◆ **Working data**
*****

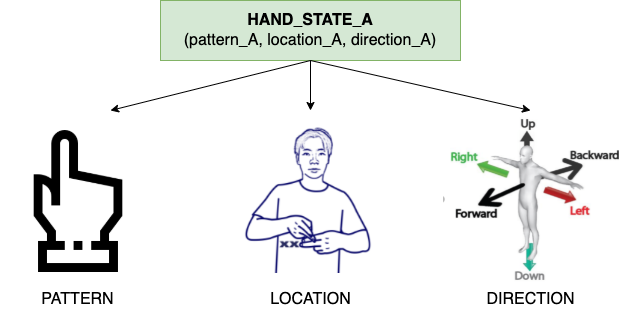

The diagram above was exported from draw.io. Its source (the exported page's mxGraphModel, read from the mxfile embedded in the PNG):
<mxGraphModel dx="841" dy="771" grid="1" gridSize="10" guides="1" tooltips="1" connect="1" arrows="1" fold="1" page="1" pageScale="1" pageWidth="850" pageHeight="1100" math="0" shadow="0">
  <root>
    <mxCell id="0" />
    <mxCell id="1" parent="0" />
    <mxCell id="ZhGGAjylrlHdCartCKy8-1" value="&lt;font style=&quot;font-size: 16px&quot;&gt;&lt;b&gt;HAND_STATE_A&lt;/b&gt;&lt;br&gt;(pattern_A, location_A, direction_A)&lt;/font&gt;" style="rounded=0;whiteSpace=wrap;html=1;fillColor=#d5e8d4;strokeColor=#82b366;" vertex="1" parent="1">
      <mxGeometry x="340" y="210" width="300" height="60" as="geometry" />
    </mxCell>
    <mxCell id="ZhGGAjylrlHdCartCKy8-2" value="" style="endArrow=classic;html=1;rounded=0;exitX=0.5;exitY=1;exitDx=0;exitDy=0;" edge="1" parent="1" source="ZhGGAjylrlHdCartCKy8-1">
      <mxGeometry width="50" height="50" relative="1" as="geometry">
        <mxPoint x="400" y="400" as="sourcePoint" />
        <mxPoint x="290" y="320" as="targetPoint" />
      </mxGeometry>
    </mxCell>
    <mxCell id="ZhGGAjylrlHdCartCKy8-3" value="&lt;meta charset=&quot;utf-8&quot;&gt;&lt;b style=&quot;font-weight: normal&quot; id=&quot;docs-internal-guid-f0dd657d-7fff-d405-c9e7-87dba5880a2c&quot;&gt;&lt;img width=&quot;142px;&quot; height=&quot;142px;&quot; src=&quot;https://lh6.googleusercontent.com/hmWF_VOHXeJlfJ1Y4mzmGYxS_yPNnMgi0INJyJHauw3zlH9IG09hClu85eyiP9g8a6GLhp_1EEE2lUFtctDVOCzq5nDBU_n_D6s5pozqG-JZUrW_gJSLG-qbja5JHaGK-osiKEjF5-0&quot;&gt;&lt;/b&gt;" style="text;whiteSpace=wrap;html=1;rotation=-90;" vertex="1" parent="1">
      <mxGeometry x="200" y="324" width="140" height="180" as="geometry" />
    </mxCell>
    <mxCell id="ZhGGAjylrlHdCartCKy8-4" value="PATTERN" style="text;html=1;align=center;verticalAlign=middle;resizable=0;points=[];autosize=1;strokeColor=none;fillColor=none;fontSize=16;" vertex="1" parent="1">
      <mxGeometry x="212" y="499" width="90" height="20" as="geometry" />
    </mxCell>
    <mxCell id="ZhGGAjylrlHdCartCKy8-5" value="" style="endArrow=classic;html=1;rounded=0;fontSize=16;" edge="1" parent="1">
      <mxGeometry width="50" height="50" relative="1" as="geometry">
        <mxPoint x="490" y="270" as="sourcePoint" />
        <mxPoint x="490" y="320" as="targetPoint" />
      </mxGeometry>
    </mxCell>
    <mxCell id="ZhGGAjylrlHdCartCKy8-6" value="&lt;meta charset=&quot;utf-8&quot;&gt;&lt;b style=&quot;font-weight: normal&quot; id=&quot;docs-internal-guid-ac0df3ad-7fff-de8b-16e5-23e8e1b2ed5b&quot;&gt;&lt;img width=&quot;154px;&quot; height=&quot;156px;&quot; src=&quot;https://lh5.googleusercontent.com/HGH_xd6gxuG6_wi2oMdYvYagiBP1fVk9X53uit0MWXg6VJLhN7XKDCsYT8UxzogY2lwbEJN_o5m2XlP4R0P_jlOaX4nCrSue7ke5Zf0t18pHUxecUngz9fL26ygxOUSP4E7LKD78DOI&quot;&gt;&lt;/b&gt;" style="text;whiteSpace=wrap;html=1;fontSize=16;" vertex="1" parent="1">
      <mxGeometry x="410" y="320" width="110" height="130" as="geometry" />
    </mxCell>
    <mxCell id="ZhGGAjylrlHdCartCKy8-7" value="LOCATION&lt;br&gt;" style="text;html=1;align=center;verticalAlign=middle;resizable=0;points=[];autosize=1;strokeColor=none;fillColor=none;fontSize=16;" vertex="1" parent="1">
      <mxGeometry x="440" y="499" width="100" height="20" as="geometry" />
    </mxCell>
    <mxCell id="ZhGGAjylrlHdCartCKy8-8" value="&lt;meta charset=&quot;utf-8&quot;&gt;&lt;b style=&quot;font-weight: normal&quot; id=&quot;docs-internal-guid-3e79abbd-7fff-b2fe-f06f-bf0f515df15c&quot;&gt;&lt;img width=&quot;176px;&quot; height=&quot;168px;&quot; src=&quot;https://lh3.googleusercontent.com/SDmMlApw56HkljnDkKlPz87f7UUf2mFLK0V-suQ2-qhhTeVpaA05SsJ6EnrdP0AVAV-wjKdmzgUH_tKaMlLgtB8ygsZ50uZHc-cVq18LQtjI9fo3lJMfY3HoHUvOw24MfT9WWoNv0Lc&quot;&gt;&lt;/b&gt;" style="endArrow=classic;html=1;rounded=0;fontSize=16;exitX=0.5;exitY=1;exitDx=0;exitDy=0;" edge="1" parent="1" source="ZhGGAjylrlHdCartCKy8-1">
      <mxGeometry x="1" y="-90" width="50" height="50" relative="1" as="geometry">
        <mxPoint x="440" y="370" as="sourcePoint" />
        <mxPoint x="710" y="320" as="targetPoint" />
        <mxPoint x="20" y="2" as="offset" />
      </mxGeometry>
    </mxCell>
    <mxCell id="ZhGGAjylrlHdCartCKy8-9" value="DIRECTION&lt;br&gt;" style="text;html=1;align=center;verticalAlign=middle;resizable=0;points=[];autosize=1;strokeColor=none;fillColor=none;fontSize=16;" vertex="1" parent="1">
      <mxGeometry x="660" y="499" width="100" height="20" as="geometry" />
    </mxCell>
  </root>
</mxGraphModel>

*****

◆ **What the exercise asks**
Leave the pictures out and return the rest of the listing exactly.

◆ **Exercise response**
The diagram above was exported from draw.io. Its source (the exported page's mxGraphModel, read from the mxfile embedded in the PNG):
<mxGraphModel dx="841" dy="771" grid="1" gridSize="10" guides="1" tooltips="1" connect="1" arrows="1" fold="1" page="1" pageScale="1" pageWidth="850" pageHeight="1100" math="0" shadow="0">
  <root>
    <mxCell id="0" />
    <mxCell id="1" parent="0" />
    <mxCell id="ZhGGAjylrlHdCartCKy8-1" value="&lt;font style=&quot;font-size: 16px&quot;&gt;&lt;b&gt;HAND_STATE_A&lt;/b&gt;&lt;br&gt;(pattern_A, location_A, direction_A)&lt;/font&gt;" style="rounded=0;whiteSpace=wrap;html=1;fillColor=#d5e8d4;strokeColor=#82b366;" vertex="1" parent="1">
      <mxGeometry x="340" y="210" width="300" height="60" as="geometry" />
    </mxCell>
    <mxCell id="ZhGGAjylrlHdCartCKy8-2" value="" style="endArrow=classic;html=1;rounded=0;exitX=0.5;exitY=1;exitDx=0;exitDy=0;" edge="1" parent="1" source="ZhGGAjylrlHdCartCKy8-1">
      <mxGeometry width="50" height="50" relative="1" as="geometry">
        <mxPoint x="400" y="400" as="sourcePoint" />
        <mxPoint x="290" y="320" as="targetPoint" />
      </mxGeometry>
    </mxCell>
    <mxCell id="ZhGGAjylrlHdCartCKy8-3" value="&lt;meta charset=&quot;utf-8&quot;&gt;&lt;b style=&quot;font-weight: normal&quot; id=&quot;docs-internal-guid-f0dd657d-7fff-d405-c9e7-87dba5880a2c&quot;&gt;&lt;img width=&quot;142px;&quot; height=&quot;142px;&quot; src=&quot;https://lh6.googleusercontent.com/hmWF_VOHXeJlfJ1Y4mzmGYxS_yPNnMgi0INJyJHauw3zlH9IG09hClu85eyiP9g8a6GLhp_1EEE2lUFtctDVOCzq5nDBU_n_D6s5pozqG-JZUrW_gJSLG-qbja5JHaGK-osiKEjF5-0&quot;&gt;&lt;/b&gt;" style="text;whiteSpace=wrap;html=1;rotation=-90;" vertex="1" parent="1">
      <mxGeometry x="200" y="324" width="140" height="180" as="geometry" />
    </mxCell>
    <mxCell id="ZhGGAjylrlHdCartCKy8-4" value="PATTERN" style="text;html=1;align=center;verticalAlign=middle;resizable=0;points=[];autosize=1;strokeColor=none;fillColor=none;fontSize=16;" vertex="1" parent="1">
      <mxGeometry x="212" y="499" width="90" height="20" as="geometry" />
    </mxCell>
    <mxCell id="ZhGGAjylrlHdCartCKy8-5" value="" style="endArrow=classic;html=1;rounded=0;fontSize=16;" edge="1" parent="1">
      <mxGeometry width="50" height="50" relative="1" as="geometry">
        <mxPoint x="490" y="270" as="sourcePoint" />
        <mxPoint x="490" y="320" as="targetPoint" />
      </mxGeometry>
    </mxCell>
    <mxCell id="ZhGGAjylrlHdCartCKy8-6" value="&lt;meta charset=&quot;utf-8&quot;&gt;&lt;b style=&quot;font-weight: normal&quot; id=&quot;docs-internal-guid-ac0df3ad-7fff-de8b-16e5-23e8e1b2ed5b&quot;&gt;&lt;img width=&quot;154px;&quot; height=&quot;156px;&quot; src=&quot;https://lh5.googleusercontent.com/HGH_xd6gxuG6_wi2oMdYvYagiBP1fVk9X53uit0MWXg6VJLhN7XKDCsYT8UxzogY2lwbEJN_o5m2XlP4R0P_jlOaX4nCrSue7ke5Zf0t18pHUxecUngz9fL26ygxOUSP4E7LKD78DOI&quot;&gt;&lt;/b&gt;" style="text;whiteSpace=wrap;html=1;fontSize=16;" vertex="1" parent="1">
      <mxGeometry x="410" y="320" width="110" height="130" as="geometry" />
    </mxCell>
    <mxCell id="ZhGGAjylrlHdCartCKy8-7" value="LOCATION&lt;br&gt;" style="text;html=1;align=center;verticalAlign=middle;resizable=0;points=[];autosize=1;strokeColor=none;fillColor=none;fontSize=16;" vertex="1" parent="1">
      <mxGeometry x="440" y="499" width="100" height="20" as="geometry" />
    </mxCell>
    <mxCell id="ZhGGAjylrlHdCartCKy8-8" value="&lt;meta charset=&quot;utf-8&quot;&gt;&lt;b style=&quot;font-weight: normal&quot; id=&quot;docs-internal-guid-3e79abbd-7fff-b2fe-f06f-bf0f515df15c&quot;&gt;&lt;img width=&quot;176px;&quot; height=&quot;168px;&quot; src=&quot;https://lh3.googleusercontent.com/SDmMlApw56HkljnDkKlPz87f7UUf2mFLK0V-suQ2-qhhTeVpaA05SsJ6EnrdP0AVAV-wjKdmzgUH_tKaMlLgtB8ygsZ50uZHc-cVq18LQtjI9fo3lJMfY3HoHUvOw24MfT9WWoNv0Lc&quot;&gt;&lt;/b&gt;" style="endArrow=classic;html=1;rounded=0;fontSize=16;exitX=0.5;exitY=1;exitDx=0;exitDy=0;" edge="1" parent="1" source="ZhGGAjylrlHdCartCKy8-1">
      <mxGeometry x="1" y="-90" width="50" height="50" relative="1" as="geometry">
        <mxPoint x="440" y="370" as="sourcePoint" />
        <mxPoint x="710" y="320" as="targetPoint" />
        <mxPoint x="20" y="2" as="offset" />
      </mxGeometry>
    </mxCell>
    <mxCell id="ZhGGAjylrlHdCartCKy8-9" value="DIRECTION&lt;br&gt;" style="text;html=1;align=center;verticalAlign=middle;resizable=0;points=[];autosize=1;strokeColor=none;fillColor=none;fontSize=16;" vertex="1" parent="1">
      <mxGeometry x="660" y="499" width="100" height="20" as="geometry" />
    </mxCell>
  </root>
</mxGraphModel>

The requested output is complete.